Elephant Child
A shrill wail stabbed the air and the drought that had plagued the town for countless months was briefly forgotten. Attentive sisters, cousins, and aunts comforted the young mother with waves of encouragement and compliments--oblivious to the fact that what imbed the bed cloths was flood flowing from her womb.
She panted and smiled with triumph, despite the bitter taste of sweat on her lips. Too weak to utter a word, she stretched out her arms for her baby. He stared at her with blank eyes -pale blue as all newborns have. His mind was an empty canvas that was ready for strokes of paint to be smeared across its vastness. Tears ran down Mina’s cheeks from joy as she buried her face into his tender skin.
The impatient mid-wife ripped the child away from his mother.
"Don’t grow attached! You know very well that his father will reject him! Look!" she yelled sternly and pointed at the infant’s withered leg.

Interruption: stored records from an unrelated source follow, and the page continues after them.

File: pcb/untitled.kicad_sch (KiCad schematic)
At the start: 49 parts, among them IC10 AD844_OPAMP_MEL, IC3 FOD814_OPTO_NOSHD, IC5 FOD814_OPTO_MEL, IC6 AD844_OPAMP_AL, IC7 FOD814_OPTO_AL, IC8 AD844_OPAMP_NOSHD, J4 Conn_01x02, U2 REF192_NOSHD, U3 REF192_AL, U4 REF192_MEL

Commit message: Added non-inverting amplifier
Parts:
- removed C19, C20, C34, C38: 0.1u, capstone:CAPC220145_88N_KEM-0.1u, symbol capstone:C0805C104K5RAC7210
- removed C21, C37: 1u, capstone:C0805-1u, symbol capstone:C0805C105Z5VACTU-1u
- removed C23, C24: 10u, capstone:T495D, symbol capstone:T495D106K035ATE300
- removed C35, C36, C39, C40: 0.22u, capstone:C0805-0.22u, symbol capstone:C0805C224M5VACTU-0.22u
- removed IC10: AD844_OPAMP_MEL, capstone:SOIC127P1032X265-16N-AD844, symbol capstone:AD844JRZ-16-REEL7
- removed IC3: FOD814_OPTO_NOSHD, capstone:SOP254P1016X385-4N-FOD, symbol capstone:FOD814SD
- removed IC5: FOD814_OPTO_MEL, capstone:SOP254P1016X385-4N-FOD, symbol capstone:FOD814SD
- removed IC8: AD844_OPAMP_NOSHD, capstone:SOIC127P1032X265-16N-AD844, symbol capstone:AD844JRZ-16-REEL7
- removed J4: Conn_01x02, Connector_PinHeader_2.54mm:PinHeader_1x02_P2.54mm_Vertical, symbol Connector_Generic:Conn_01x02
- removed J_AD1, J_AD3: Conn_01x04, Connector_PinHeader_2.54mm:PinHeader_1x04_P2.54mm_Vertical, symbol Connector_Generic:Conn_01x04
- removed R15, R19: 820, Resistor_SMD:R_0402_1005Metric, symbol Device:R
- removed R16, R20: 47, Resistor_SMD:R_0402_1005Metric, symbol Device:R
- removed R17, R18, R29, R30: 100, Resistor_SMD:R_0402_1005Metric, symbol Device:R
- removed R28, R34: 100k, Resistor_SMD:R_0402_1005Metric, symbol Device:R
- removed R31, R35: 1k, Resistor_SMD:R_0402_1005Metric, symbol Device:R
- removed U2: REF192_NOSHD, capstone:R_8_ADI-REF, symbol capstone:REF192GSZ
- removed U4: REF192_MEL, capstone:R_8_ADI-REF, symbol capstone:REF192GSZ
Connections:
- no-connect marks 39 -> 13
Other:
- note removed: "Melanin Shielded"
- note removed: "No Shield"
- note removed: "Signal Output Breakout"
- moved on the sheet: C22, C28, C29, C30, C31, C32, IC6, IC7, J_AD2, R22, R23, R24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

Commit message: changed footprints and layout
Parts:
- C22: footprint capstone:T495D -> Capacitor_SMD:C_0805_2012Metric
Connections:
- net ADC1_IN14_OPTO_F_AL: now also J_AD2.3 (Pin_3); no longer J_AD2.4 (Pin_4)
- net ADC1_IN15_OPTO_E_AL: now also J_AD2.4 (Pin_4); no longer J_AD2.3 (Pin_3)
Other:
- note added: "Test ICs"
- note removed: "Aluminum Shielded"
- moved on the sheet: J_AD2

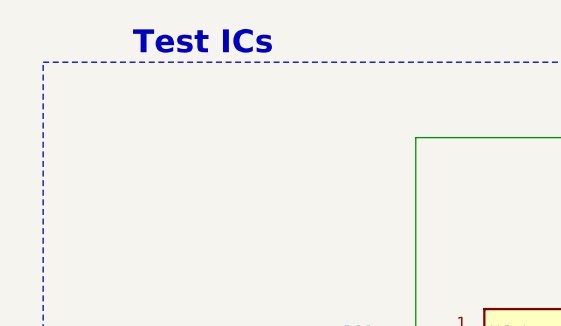
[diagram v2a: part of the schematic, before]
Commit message: Added Shields
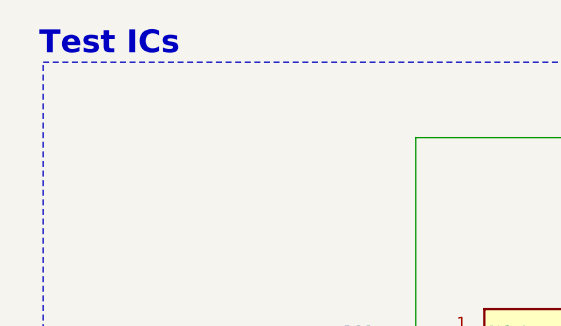
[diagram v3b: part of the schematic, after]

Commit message: Added switchable input for opto-coupler
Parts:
- added J2: Conn_01x03, Connector_PinHeader_2.54mm:PinHeader_1x03_P2.54mm_Vertical, symbol Connector_Generic:Conn_01x03
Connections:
- net +5V: now also J2.1 (Pin_1)
- net Signal Output: now also J2.3 (Pin_3); no longer R23.2
- new net: J2.2 (Pin_2), R23.2
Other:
- moved on the sheet: C22, C28, C29, C30, C31, C32, IC6, IC7, J_AD2, R22, R23, R24

"He’s beautiful and he’s mine! His deformity makes no difference," said Mina, her voice hoarse but defiant.
"Mina," whispered a cousin gently,"He’ll never amount to anything. Besides, he’ll lead a deprived life- can’t play Cricket with the other boys when he’s older or dance at festivals... he’d be better off dead."
Mina mustered up her strength to say," You were born with a crooked foot... turned outwards..."
The others gasped, but were eager to obtain the gossip and leaned forward.
"...yet your father spared you, Janu."
Not even the birds in the jute trees dared to speak.
Janu was speechless and burned red from anger. She stormed out of the room, tugging the hem of her robe to further conceal what she had been carefully hiding for years. A wise and terse aunt shattered the silence.
"Bundle him tightly- his defect will only thrive in the folds of this blanket. Only we will know."
The women nodded and exchanged glances of affirmation. A cousin wrapped the boy quickly, and then presented him to the anxious father pacing outside the door.
His eyes lit up with happiness and pride. Mina’s cousin felt guilt saturating her mind and her heart’s beating filled her ears. Her voice slithered like a cobra, struggling to escape her throat. She nearly choked on the venomous lie but reluctantly released it. "A healthy son, Ramish."
He beamed and cuddled his boy.
"My son," he cooed.
The infant whimpered and fell into a fit of coughs- the oxygen having difficulty making the excursion to his tiny lungs.
Suddenly the room trembled. Items crashed and shards of pottery carpeted the floor. Massive tusks protruded from the wall and trumpeting came from the distance. Women scrambled from the bedroom, dragging Mina by her arms.
"Out! Get out!" shouted Mina’s husband. The women dispersed and ran out of the hut into the awaiting jungle. They huddled under a tree and watched Ramish get trampled to death.
Those ten minutes lasted an eternity. An old and frail aunt rose to her feet and muttered, "Perhaps it is over. All of them gingerly emerged from the jungle to where the hut once stood.
"He’s gone", Mina said and began to cry. She clenched earth in her hands and wept. Clouds began to blanket the sky. Pit, pat. Pitter, pat. Just then it rained because every angel in Heaven felt Mina’s sorrow.
Two days afterward, one of Mina’s sisters and her mother gathered water from the river.
"I made him this," said Mina’s sister, rubbing the ivory charm and showed it to her mother.
"To keep the evil spirits away?"
"No... his father’s ghost." She tied the little elephant to the infant’s ankle and lovingly called him Elephant Child.
Meanwhile, the others in the village were searching for Ramish’s body. With no luck, they decided to melt the remnants of the hut and mold bricks out of the substance to rebuild the hut. It was only a day’s worth of work.
Mina could not sleep that night as she hadn’t for many nights. Her hair was plastered to her pillow with sweat and her sleeping gown clung to her legs. She peeled her sheets off so she could go pour a glass of water. A strange coldness swept the room.
"Mina... Mina... Mina...", came a haunting voice.
She perked up but shrugged and continued to grope her way in the dark.
"Mina... you lied..."
She slipped into her bed, regarding it as a figment of her imagination but noticed her bed was damp. She wiped the sticky substance off of her leg.
"Blood!" she gasped.
She tore the sheet off of the bed and replaced it with a new one. Drip... drip... drip... She shrieked when she discovered that blood was leaking from the ceiling.
"Mina... your son will become an Untouchable if he does not leave now," came the voice again.
"Stop!" she screamed," Leave me alone! Stay away from my son!"
She rushed to her son’s cradle... but he was gone. His ivory trinket was on the floor and an elephant’s call came from afar.